*Exercise*: For the entries below, state how many lines contain the word "radius" and add nothing else.

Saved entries
***

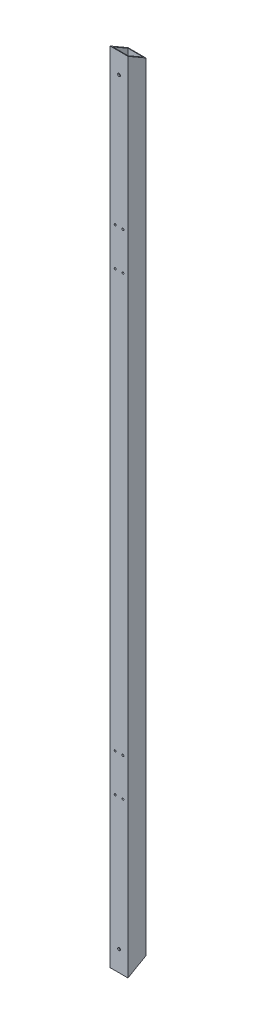
SolidWorks part; units mm, degrees
material "6061 Alloy"
ref_plane "Front Plane" through (0, 0, 0) normal (0, 0, 1) x (1, 0, 0)
ref_plane "Top Plane" through (0, 0, 0) normal (0, 1, 0) x (1, 0, 0)
ref_plane "Right Plane" through (0, 0, 0) normal (1, 0, 0) x (0, 0, -1)
sketch "Sketch1" plane through (0, 0, 0) normal (0, 0, 1) x (1, 0, 0)
  line L1 (-22.225, 990.092) -> (22.225, 990.092)
  line L2 (-22.225, 990.092) -> (-22.225, -990.092)
  line L3 (-22.225, -990.092) -> (22.225, -990.092)
  line L4 (22.225, 990.092) -> (22.225, -990.092)
  line L5 (-22.225, 990.092) -> (22.225, -990.092) construction
  line L6 (-22.225, -990.092) -> (22.225, 990.092) construction
  point P0 (0, 0)
  dimension "D1" = 44.45
  dimension "D2" = 1980.184
extrude "Boss-Extrude1" add sketch "Sketch1" along normal blind 44.45
sketch "Sketch2" plane through (0, 990.092, 0) normal (0, 1, 0) x (1, 0, 0)
  line L0 (22.225, 0) -> (-22.225, 0) construction
  line L1 (-19.05, -3.175) -> (19.05, -3.175)
  line L2 (-19.05, -3.175) -> (-19.05, -41.275)
  line L3 (-19.05, -41.275) -> (19.05, -41.275)
  line L4 (19.05, -3.175) -> (19.05, -41.275)
  line L5 (-19.05, -3.175) -> (19.05, -41.275) construction
  line L6 (-19.05, -41.275) -> (19.05, -3.175) construction
  line L7 (22.225, -44.45) -> (-22.225, -44.45) construction
  line L8 (-22.225, -44.45) -> (-22.225, 0) construction
  line L9 (22.225, -44.45) -> (22.225, 0) construction
  point P0 (0, -22.225)
  dimension "D1" = 3.175
  dimension "D2" = 3.175
  dimension "D3" = 3.175
  dimension "D4" = 3.175
extrude "Cut-Extrude1" cut sketch "Sketch2" against normal through all
sketch "Sketch3" plane through (22.225, 0, 0) normal (1, 0, 0) x (0, 0, -1)
  line L0 (-44.45, 990.092) -> (0, 964.4288)
  line L1 (0, -990.092) -> (0, 990.092) construction
  line L2 (0, 964.4288) -> (0, 990.092)
  line L3 (0, 990.092) -> (-44.45, 990.092)
  line L4 (-44.45, -990.092) -> (0, -964.4288)
  line L5 (0, -964.4288) -> (0, -990.092)
  line L6 (0, -990.092) -> (-44.45, -990.092)
  dimension "D1" = 60
  dimension "D2" = 60
extrude "Cut-Extrude2" cut sketch "Sketch3" against normal through all
ref_plane "Plane1" through (22.225, 964.4288, 0) normal (0, 1, 0) x (1, 0, 0)
sketch "Sketch13" plane through (0, 0, 44.45) normal (0, 0, 1) x (1, 0, 0)
  line L0 (-22.225, -990.092) -> (22.225, -990.092) construction
  line L1 (-22.225, 990.092) -> (-22.225, -990.092) construction
  line L2 (22.225, 990.092) -> (-22.225, 990.092) construction
  circle A0 centre (0, 939.038) radius 3.3734
  circle A1 centre (0, -939.038) radius 3.3734
  dimension "D1" = 6.7469
  dimension "D4" = 6.7469
  dimension "D2" = 51.054
  dimension "D3" = 22.225
  dimension "D5" = 22.225
  dimension "D6" = 51.054
extrude "Cut-Extrude7" cut sketch "Sketch13" against normal through all
sketch "Sketch15" plane through (0, 0, 44.45) normal (0, 0, 1) x (1, 0, 0)
  line L0 (-22.225, -990.092) -> (22.225, -990.092) construction
  line L5 (22.225, 990.092) -> (-22.225, 990.092) construction
  line L8 (-22.225, 990.092) -> (-22.225, -990.092) construction
  point P5 (-9.525, 518.1346)
  point P8 (9.525, 518.1346)
  point P11 (9.525, 612.1654)
  point P14 (-9.525, 612.1654)
  point P25 (-9.525, -612.1654)
  point P26 (9.525, -612.1654)
  point P27 (9.525, -518.1346)
  point P28 (-9.525, -518.1346)
  dimension "D1" = 94.0308
  dimension "D2" = 94.0308
  dimension "D3" = 377.9266
  dimension "D4" = 377.9266
  dimension "D5" = 12.7
  dimension "D6" = 31.75
hole_wizard "#10 (0.1935) Diameter Hole1" positions "3DSketch1" profile "Sketch16" hole size "#10" standard "ANSI Inch" end condition through all
sketch3d "3DSketch1"
  point P0 (-9.525, -612.1654, 44.45)
  point P3 (9.525, -612.1654, 44.45)
  point P6 (-9.525, -518.1346, 44.45)
  point P9 (9.525, -518.1346, 44.45)
  point P12 (-9.525, 518.1346, 44.45)
  point P15 (9.525, 518.1346, 44.45)
  point P18 (-9.525, 612.1654, 44.45)
  point P21 (9.525, 612.1654, 44.45)
sketch "Sketch16" plane through (-9.525, -612.1654, 44.45) normal (1, 0, 0) x (0, -1, 0)
  line L0 (0, 0) -> (0, 44.45)
  line L1 (0, 44.45) -> (2.4574, 44.45)
  line L2 (2.4574, 44.45) -> (2.4574, 0)
  line L5 (2.4574, 0) -> (0, 0)
  line L11 (0, -6.35) -> (0, 107.95) construction
  dimension "Thru Hole Dia." = 4.9149
  dimension "Thru Hole Depth" = 44.45
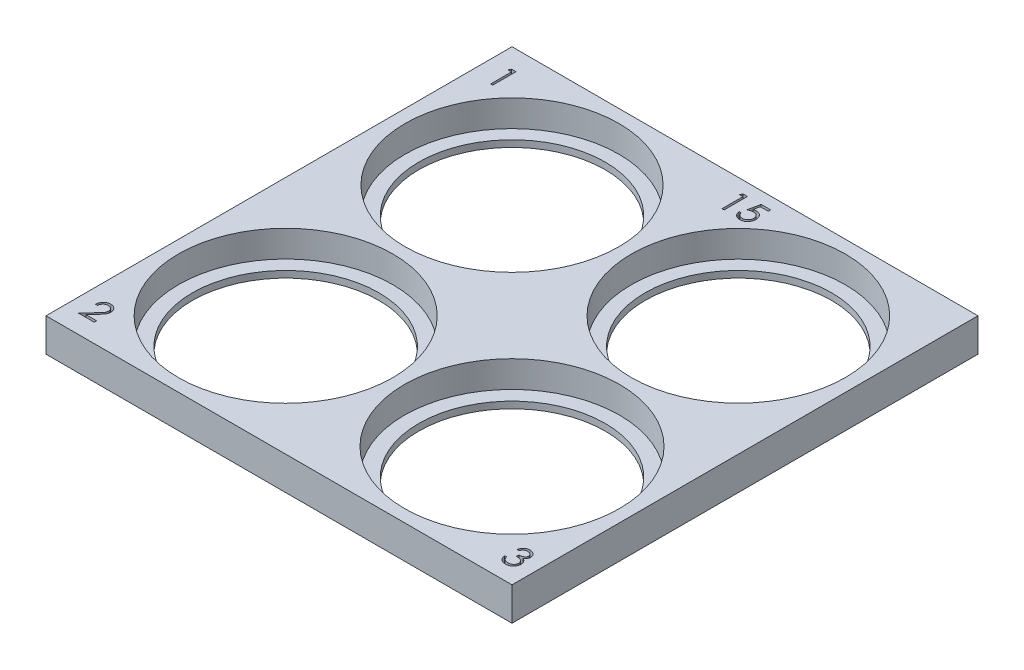
SolidWorks part; units mm, degrees
ref_plane "Front Plane" through (0, 0, 0) normal (0, 0, 1) x (1, 0, 0)
ref_plane "Top Plane" through (0, 0, 0) normal (0, 1, 0) x (1, 0, 0)
ref_plane "Right Plane" through (0, 0, 0) normal (1, 0, 0) x (0, 0, -1)
sketch "Sketch1" plane through (0, 0, 0) normal (0, 1, 0) x (1, 0, 0)
  line L1 (-16.618, 16.7109) -> (53.382, 16.7109)
  line L2 (-16.618, 16.7109) -> (-16.618, -53.2891)
  line L3 (-16.618, -53.2891) -> (53.382, -53.2891)
  line L4 (53.382, 16.7109) -> (53.382, -53.2891)
  dimension "D1" = 70
  dimension "D2" = 70
extrude "Boss-Extrude1" add sketch "Sketch1" along normal blind 5
sketch "Sketch2" plane through (0, 5, 0) normal (0, 1, 0) x (1, 0, 0)
  line L0 (-16.618, 16.7109) -> (-16.618, -53.2891) construction
  line L1 (53.382, 16.7109) -> (-16.618, 16.7109) construction
  line L2 (53.382, -53.2891) -> (53.382, 16.7109) construction
  line L3 (-16.618, -53.2891) -> (53.382, -53.2891) construction
  circle A0 centre (1.382, -1.2891) radius 16.05
  circle A1 centre (35.382, -1.2891) radius 16.075
  circle A2 centre (1.382, -35.2891) radius 16.1
  circle A3 centre (35.382, -35.2891) radius 16.15
  point P16 (0, 0)
  point P18 (0, 0)
  point P19 (0, 0)
  dimension "D1" = 18
  dimension "D3" = 18
  dimension "D5" = 18
  dimension "D2" = 18
  dimension "D4" = 18
  dimension "D6" = 18
  dimension "D7" = 18
  dimension "D8" = 18
extrude "Cut-Extrude1" cut sketch "Sketch2" against normal blind 4
sketch "Sketch3" plane through (0, 5, 0) normal (0, 1, 0) x (1, 0, 0)
  circle A0 centre (35.382, -1.2891) radius 14
  circle A1 centre (1.382, -35.2891) radius 14
  circle A2 centre (35.382, -35.2891) radius 14
  circle A3 centre (1.382, -1.2891) radius 14
extrude "Cut-Extrude2" cut sketch "Sketch3" against normal through all
sketch "Sketch4" plane through (0, 5, 0) normal (0, 1, 0) x (1, 0, 0)
  text T0 "1"
  text T1 "15\r\n"
  text T2 "2\r\n"
  text T3 "3\r\n"
  point P1 (-2.8435, 7.0613)
  point P2 (-13.7314, 10.3893)
  point P3 (-14.5942, 10.266)
  point P7 (48.8845, -50.994)
extrude "Cut-Extrude3" cut sketch "Sketch4" against normal blind 1

***

*Expected answer*: 10